各社の品質関連部門の名称を見ても、品質管理と品質保証が混在しているようです。
それぞれの会社は、意味の違いを認識して使い分けているのでしょうか。それとも……。

 

今週と次週の2回にわたり、この二つの経営機能の意味の相違、そして日本とISO 9000流の理解の相違、さらには「品質保証」とは何をすることなのか、考えてみたいと思います。

 

 

 

1.日本の品質管理の進展

 

日本の近代的品質管理は1949年に始まったと言えます。
日本は、戦後アメリカから品質管理を学び、SQC(Statistical Quality Control;統計的品質管理)をコアにした科学性を重視するとともに、これに管理における人間的側面への考慮を加えて、製造業を中心に熱心に推進してきました。

 

さらに、1960年ごろアメリカからTQC(Total Quality Control;総合的品質管理、全社的品質管理)という用語を学び、これを拡大解釈して1970年代には総合的な品質マネジメントに仕上げ、1980年にはGDP世界二位の経済大国の基盤になったと世界の注目を浴び、工業製品分野における品質を中心とする総合的な経営アプローチとみなされるようになりました。
そして1990年代半ばには、欧米での呼称にならいTQM(Total Quality Management;総合品質経営)と呼ばれるようになりました。

 

こうした日本における近代の品質管理の歴史のなかで「品質保証」という用語がブレークしたときがあります。
それは1960年ごろのことです。
そのころ「品質管理のドーナツ化現象」と言われる現象が現れました。
ドーナツ化とは「中心がない」という意味です。
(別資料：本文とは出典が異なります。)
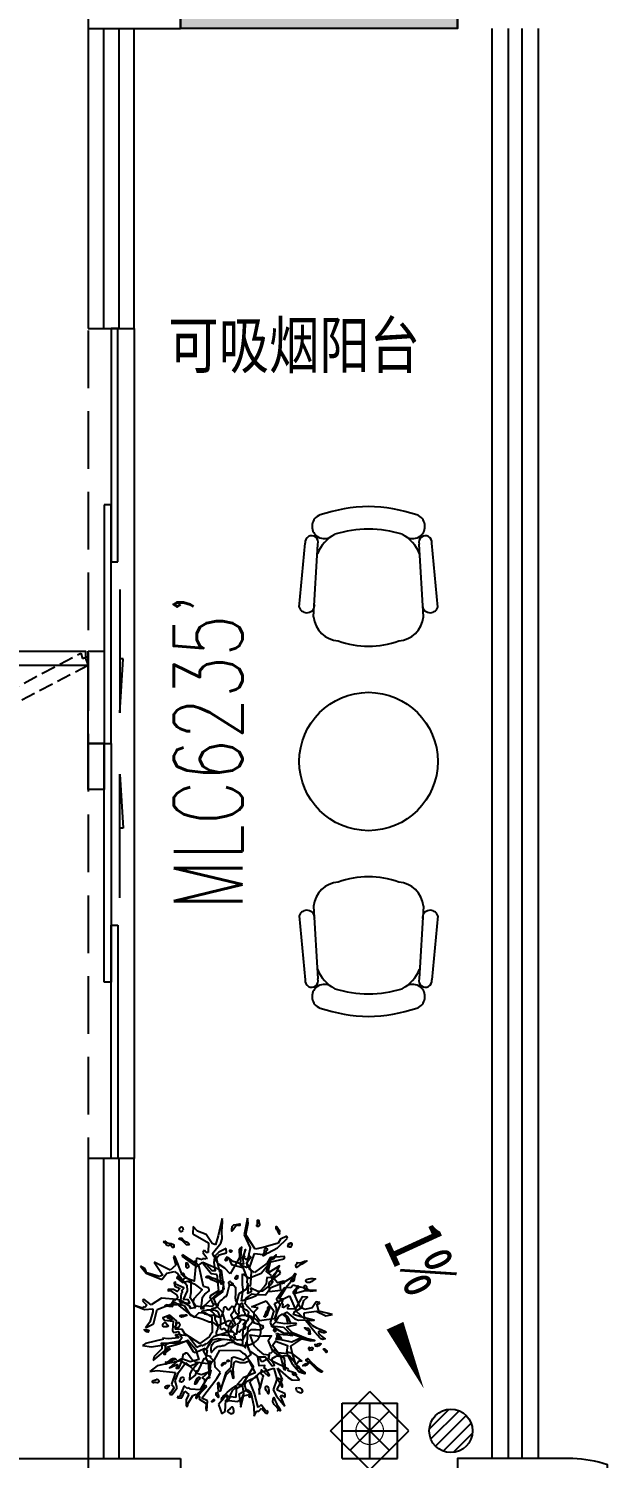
# Model space of a CAD drawing. Header units: millimetres. Extents: x 285006 to 3037698, y -2820855 to 192241.
# Drawn here: x 343048 to 345556, y 94130 to 100330 of the extents above; entities that cross this region are included whole.
import ezdxf

# ---------------------------------------------------------------- set-up
doc = ezdxf.new("R2010")
doc.units = ezdxf.units.MM
doc.linetypes.add('DASH', pattern=[0.35, 0.25, -0.1])
for name, color, linetype in [('0-修改', 6, 'Continuous'), ('A-DOOR', 60, 'Continuous'), ('A-FLOR-BALC', 3, 'Continuous'), ('A-OVER', 21, 'Continuous'), ('A-WALL-GLAZ', 161, 'Continuous'), ('AD-土建墙、含管井', 160, 'Continuous'), ('AD-新建墙', 160, 'Continuous'), ('DIM_SYMB', 3, 'Continuous'), ('FF-FURN', 51, 'Continuous'), ('FF-Plants', 86, 'Continuous'), ('FF-TEXT', 50, 'Continuous'), ('FF1-平面中英文字', 50, 'Continuous'), ('FLOOR', 8, 'Continuous'), ('P-地漏 雨水斗', 6, 'Continuous'), ('P-废水管立管', 130, 'Continuous'), ('WINDOW', 4, 'Continuous'), ('WINDOW_TEXT', 7, 'Continuous')]:
    doc.layers.add(name, color=color, linetype=linetype)
doc.layers.add('AD-土建柱填充', color=250, linetype='Continuous', lineweight=30)
doc.layers.add('P-A辅助线', color=8, linetype='Continuous', plot=False)
doc.styles.add('_TCH_WINDOW', font='SIMPLEX', dxfattribs={"height": 3.5, "bigfont": 'GBCBIG'})
doc.styles.add('T9-L46$0$CCDI-TOG-01', font='arial.ttf')
doc.styles.add('宋体', font='', dxfattribs={"width": 0.5})
doc.styles.get('宋体').set_extended_font_data('SimSun')

# ---------------------------------------------------------------- blocks, each defined once
blk = doc.blocks.new('P-LG')
at = {"const_width": 5}
blk.add_lwpolyline([(-59.8, 0.1), (-59.5, 5.8), (-58.9, 10.3), (-58.3, 13.4), (-57.3, 17), (-55.8, 21.4), (-53.6, 26.5), (-51.7, 30.1), (-48.9, 34.5), (-46.6, 37.5), (-44.1, 40.4), (-42.7, 41.9), (-40.8, 43.7), (-39.9, 44.6), (-38.6, 45.7), (-34.8, 48.7), (-32.8, 50), (-29.5, 52), (-24.9, 54.4), (-19.1, 56.7), (-15.2, 57.8), (-10.7, 58.8), (-6.7, 59.4), (-2.7, 59.7), (0.1, 59.7), (5.1, 59.6), (10.9, 58.8), (17.4, 57.2), (21.8, 55.7), (27.7, 53), (30.8, 51.3), (33.2, 49.7), (34.8, 48.6), (37.6, 46.5), (39.1, 45.3), (40.7, 43.8), (42.3, 42.3), (44.9, 39.4), (47.6, 36.2), (50.4, 32.2), (52.3, 29.1), (54.1, 25.5), (55.5, 22.2), (56.8, 18.7), (57.8, 15.5), (58.4, 13), (59, 9.8), (59.5, 5.9), (59.7, 3.9), (59.8, 0), (59.8, -2.2), (59.6, -5.1), (59.4, -7.3), (58.8, -10.9), (58.4, -12.7), (57.5, -16.4), (56.8, -18.8), (56.1, -20.7), (55.2, -22.9), (53.6, -26.5), (52.1, -29.4), (50.1, -32.6), (46.9, -37.1), (44.7, -39.8), (42.3, -42.3), (39.6, -44.8), (36.6, -47.3), (31.8, -50.7), (29.3, -52.1), (26.3, -53.7), (22.7, -55.3), (17.1, -57.3), (13, -58.4), (9.7, -59), (4.9, -59.6), (0, -59.8), (-5, -59.6), (-10.4, -58.9), (-14.9, -57.9), (-19, -56.7), (-21.5, -55.8), (-26.5, -53.6), (-30.9, -51.2), (-35.9, -47.8), (-40, -44.5), (-45, -39.4), (-47.1, -36.9), (-48.7, -34.7), (-49.8, -33.2), (-51.6, -30.3), (-53, -27.7), (-54.5, -24.6), (-55.2, -22.9), (-56.2, -20.4), (-57.1, -17.7), (-58.1, -14.3), (-58.9, -10.3), (-59.3, -7.8), (-59.6, -5.2), (-59.8, -2.4), (-59.8, -1.4)], close=True, dxfattribs=at)
at = {"layer": 'P-A辅助线'}
for p, q in [((-169.7, 0), (0, 169.7)), ((169.7, 0), (0, 169.7)), ((-120, -120), (-120, 120)), ((-120, 120), (120, 120)), ((-84.9, -84.9), (84.9, 84.9)), ((84.9, -84.9), (-84.9, 84.9)), ((0, -120), (0, 120)), ((120, -120), (120, 120)), ((0, -169.7), (-169.7, 0)), ((-120, 0), (120, 0)), ((0, -169.7), (169.7, 0)), ((-120, -120), (120, -120))]:
    blk.add_line(p, q, dxfattribs=at)
blk = doc.blocks.new('$TwtSys$00000141')
for p, q in [((-94.2, 7.7), (-10.1, 91.8)), ((-94.2, 7.7), (-10.1, 91.8)), ((-87.2, -35.1), (35.1, 87.2)), ((-87.2, -35.1), (35.1, 87.2)), ((-66.5, -66.5), (66.5, 66.5)), ((-66.5, -66.5), (66.5, 66.5)), ((-32.4, -87.1), (87.6, 32.9)), ((-32.4, -87.1), (87.6, 32.9)), ((11.4, -92.3), (92.3, -11.4)), ((11.4, -92.3), (92.3, -11.4))]:
    blk.add_line(p, q)
blk.add_circle((0, 0), 94)
blk.add_circle((0, 0), 94)
blk = doc.blocks.new('$DorLib2D$00000138')
at = {"color": 0, "linetype": 'Continuous'}
for p, q in [((-0.2875, 0), (-0.2875, 0.1538)), ((-0.2875, 0.1538), (0, 0.1538)), ((0, 0.1538), (0, 0)), ((0.2875, 0.1538), (0, 0.1538)), ((0.2875, 0), (0.2875, 0.1538)), ((-0.5, -0.1399), (-0.5, 0)), ((-0.5, 0), (-0.2188, 0)), ((0, 0), (-0.2875, 0)), ((-0.2188, 0), (-0.2188, -0.1399)), ((0, 0), (0.2875, 0)), ((0.2188, 0), (0.2188, -0.1399)), ((0.5, 0), (0.2188, 0)), ((0.5, 0), (0.5, -0.1946)), ((0.5, -0.1399), (0.5, 0)), ((-0.2188, -0.1399), (-0.5, -0.1399)), ((0.2188, -0.1399), (0.5, -0.1399)), ((-0.1857, -0.186), (-0.037, -0.186)), ((-0.037, -0.186), (-0.1019, -0.2583)), ((-0.1019, -0.2583), (-0.1019, -0.186)), ((0.1857, -0.186), (0.037, -0.186)), ((0.037, -0.186), (0.1019, -0.2583)), ((0.1019, -0.2583), (0.1019, -0.186))]:
    blk.add_line(p, q, dxfattribs=at)
blk = doc.blocks.new('DGXFNFNFXN')
at = {"layer": 'A-WALL-GLAZ'}
blk.add_lwpolyline([(511760.1, -2969706.5), (512260.1, -2969706.5, 0.065698), (512410.1, -2969679), (512410.1, -2969634, 0.065698), (512260.1, -2969606.5), (511760.1, -2969606.5)], format="xyb", close=True, dxfattribs=at)
blk = doc.blocks.new('FDBDFBDB')
at = {"layer": 'AD-土建柱填充', "ltscale": 1000}
h = blk.add_hatch(color=256, dxfattribs=at)
h.dxf.hatch_style = 1
h.paths.add_polyline_path([(491823.8, 264631.3), (493023.8, 264631.3), (493023.8, 263431.3), (491823.8, 263431.3)])
at = {"layer": 'A-FLOR-BALC'}
for p, q in [((493243.8, 263431.3), (493243.8, 257231.3)), ((493303.8, 263431.3), (493303.8, 257231.3))]:
    blk.add_line(p, q, dxfattribs=at)
at = {"layer": 'A-OVER'}
for points in [[(493023.8, 263431.3), (493023.8, 266811.4, 0.294948), (492081.4, 268270), (469641.1, 278386.5, 0.106281), (467339.6, 278881.3), (448323.8, 278881.3, 0.414214), (445223.8, 275781.3), (445223.8, 266331.3)], [(493023.8, 257231.3), (493023.8, 247781.3, -0.414214), (489923.8, 244681.3), (448323.8, 244681.3, -0.414214), (445223.8, 247781.3), (445223.8, 257231.3)]]:
    blk.add_lwpolyline(points, format="xyb", dxfattribs=at)
at = {"layer": 'A-WALL-GLAZ'}
for p, q in [((491423.8, 263431.3), (491423.8, 262131.3)), ((491490.5, 263431.3), (491490.5, 262131.3)), ((491557.2, 263431.3), (491557.2, 262131.3)), ((491623.8, 262131.3), (491623.8, 263431.3)), ((491423.8, 262131.3), (491623.8, 262131.3)), ((491623.8, 258531.3), (491423.8, 258531.3)), ((491423.8, 258531.3), (491423.8, 257231.3)), ((491490.5, 258531.3), (491490.5, 257231.3)), ((491557.2, 258531.3), (491557.2, 257231.3)), ((491623.8, 257231.3), (491623.8, 258531.3))]:
    blk.add_line(p, q, dxfattribs=at)
at = {"layer": 'AD-土建墙、含管井'}
for p, q in [((491423.8, 263631.3), (491423.8, 263431.3)), ((491823.8, 263631.3), (491823.8, 263431.3)), ((491423.8, 263431.3), (491823.8, 263431.3)), ((493173.8, 263431.3), (493173.8, 257231.3)), ((493373.8, 263431.3), (493373.8, 257231.3)), ((491423.8, 257231.3), (491823.8, 257231.3)), ((491423.8, 257231.3), (491423.8, 257031.3)), ((491823.8, 257231.3), (491823.8, 257031.3))]:
    blk.add_line(p, q, dxfattribs=at)
at = {"layer": 'AD-土建墙、含管井', "linetype": 'ByBlock', "ltscale": 1000}
blk.add_lwpolyline([(491823.8, 264631.3), (493023.8, 264631.3), (493023.8, 263431.3), (491823.8, 263431.3)], close=True, dxfattribs=at)
at = {"layer": 'DIM_SYMB'}
blk.add_lwpolyline([(492474, 258416.3, 0, 0, 0), (492878.4, 257533.9, 0, 80, 0), (492753.4, 257806.6, 0, 0, 0)], format="xyseb", dxfattribs=at)
at = {"layer": 'FLOOR'}
blk.add_line((491623.8, 262131.3), (491623.8, 258531.3), dxfattribs=at)
blk.add_blockref('DGXFNFNFXN', (-18736.3, 3226837.8))
at = {"layer": 'P-地漏 雨水斗'}
blk.add_blockref('$TwtSys$00000141', (492995.8, 257350.7), dxfattribs=at)
at = {"layer": 'P-废水管立管'}
blk.add_blockref('P-LG', (492643.8, 257351.3), dxfattribs=at)
at = {"layer": 'WINDOW'}
ref = blk.add_blockref('$DorLib2D$00000138', (491523.8, 260331.3), dxfattribs=dict(at, xscale=3600.000000000013, yscale=200.0000000000008, zscale=-3600, rotation=90))
ref.add_attrib('A', "MLC6235'", (492092.4, 259611.3), dxfattribs={"layer": 'WINDOW_TEXT', "height": 297.5, "rotation": 90, "style": '_TCH_WINDOW', "width": 0.705882})
at = {"layer": 'FF1-平面中英文字', "style": '宋体', "width": 0.8}
blk.add_text('1%', height=250, rotation=294.62016, dxfattribs=at).set_placement((492700.9, 258173.4))
blk = doc.blocks.new('asafs')
at = {"color": 251, "linetype": 'ByBlock'}
for p, q in [((6712, 62128), (6467, 62427)), ((6467, 62427), (6593, 62118)), ((7038, 62645), (6978, 62643)), ((6978, 62643), (6981, 62571)), ((6981, 62571), (7026, 62592)), ((7026, 62592), (7178, 62391)), ((7173, 62492), (7038, 62645)), ((7246, 62579), (7173, 62492)), ((7178, 62391), (7267, 62474)), ((7319, 62585), (7246, 62579)), ((7267, 62474), (7386, 62046)), ((7389, 62736), (7319, 62585)), ((7398, 62439), (7389, 62736)), ((7492, 62019), (7398, 62439)), ((8273, 62588), (8250, 62251)), ((8260, 62125), (8474, 62379)), ((8369, 62662), (8273, 62588)), ((8474, 62379), (8369, 62662)), ((8821, 62569), (8802, 62272)), ((8858, 62525), (8821, 62569)), ((8842, 62345), (8858, 62525)), ((9451, 62432), (9402, 62433)), ((9402, 62433), (9404, 62357)), ((9446, 62227), (9451, 62432)), ((6552, 62096), (6451, 62160)), ((6451, 62160), (6458, 62055)), ((6458, 62055), (6710, 61932)), ((6593, 62118), (6552, 62096)), ((6813, 61936), (6712, 62128)), ((7386, 62046), (7528, 61692)), ((7605, 61925), (7492, 62019)), ((7851, 62060), (7605, 61925)), ((7889, 62291), (7819, 62241)), ((7819, 62241), (7851, 62060)), ((8250, 62251), (7889, 62291)), ((7938, 61907), (7945, 62171)), ((7945, 62171), (8260, 62125)), ((8974, 62189), (8523, 61594)), ((8802, 62272), (8974, 62189)), ((9064, 62211), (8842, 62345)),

製造業において熱心に品質管理を推進して10年ほどですが、品質抜きの品質管理が目につくようになって問題視されたそうです。
すなわち、品質管理の手法を使って、原価低減、生産性向上、リードタイム短縮、在庫削減などの改善が盛んに行われるようになり、何とかしたいとの声が起こったとのことです。

 

原価、生産性、リードタイム、在庫の問題は、もとを正せば品質問題に起因することが多いですし、何であれ経営改善に貢献するなら、品質管理の手法を活用することが間違っているということはありません。
しかしながら、深因である品質問題の解決というより、原価や生産性などの問題に直接効いている要因を特定して改善を図るようなアプローチに対し、品質管理のあり方としてこれでよいのかという問題提起があったのです。
品質管理は、品質を維持し向上することに中心を置く活動にすべきだという見解です。

 

そこで、品質のための品質管理、品質中心の品質管理を進めようということで、「品質保証」という用語を使い始めました。
そして、品質保証とは「お客様が安心して使っていただけるような製品・サービスを提供するためのすべての活動」を意味し、それは「品質管理の目的」であり、「品質管理の中心」であり、「品質管理の神髄」である、などと言われました。

 

日本において、品質管理は、1960年ごろまではQC(Quality Control)と呼ばれていました。“control”という英語は監督、統制、管轄、制御というニュアンスを持つ用語ですが、日本ではこの対応日本語の「管理」を効率的・効果的な目的達成活動ととらえ、むしろ英語での“management”に近いニュアンスで理解し、「品質管理」を進めていました。

 

品質保証は、上述したように、この広い意味での品質管理における中心的な活動、品質管理において本来目的とすべき活動、というような意味と受けとめてきました。

 

 

 

2.ISO 9000の世界

 

ISO 9000シリーズが普及し始めたころ、日本においてある種の混乱、ある種の誤解が生じました。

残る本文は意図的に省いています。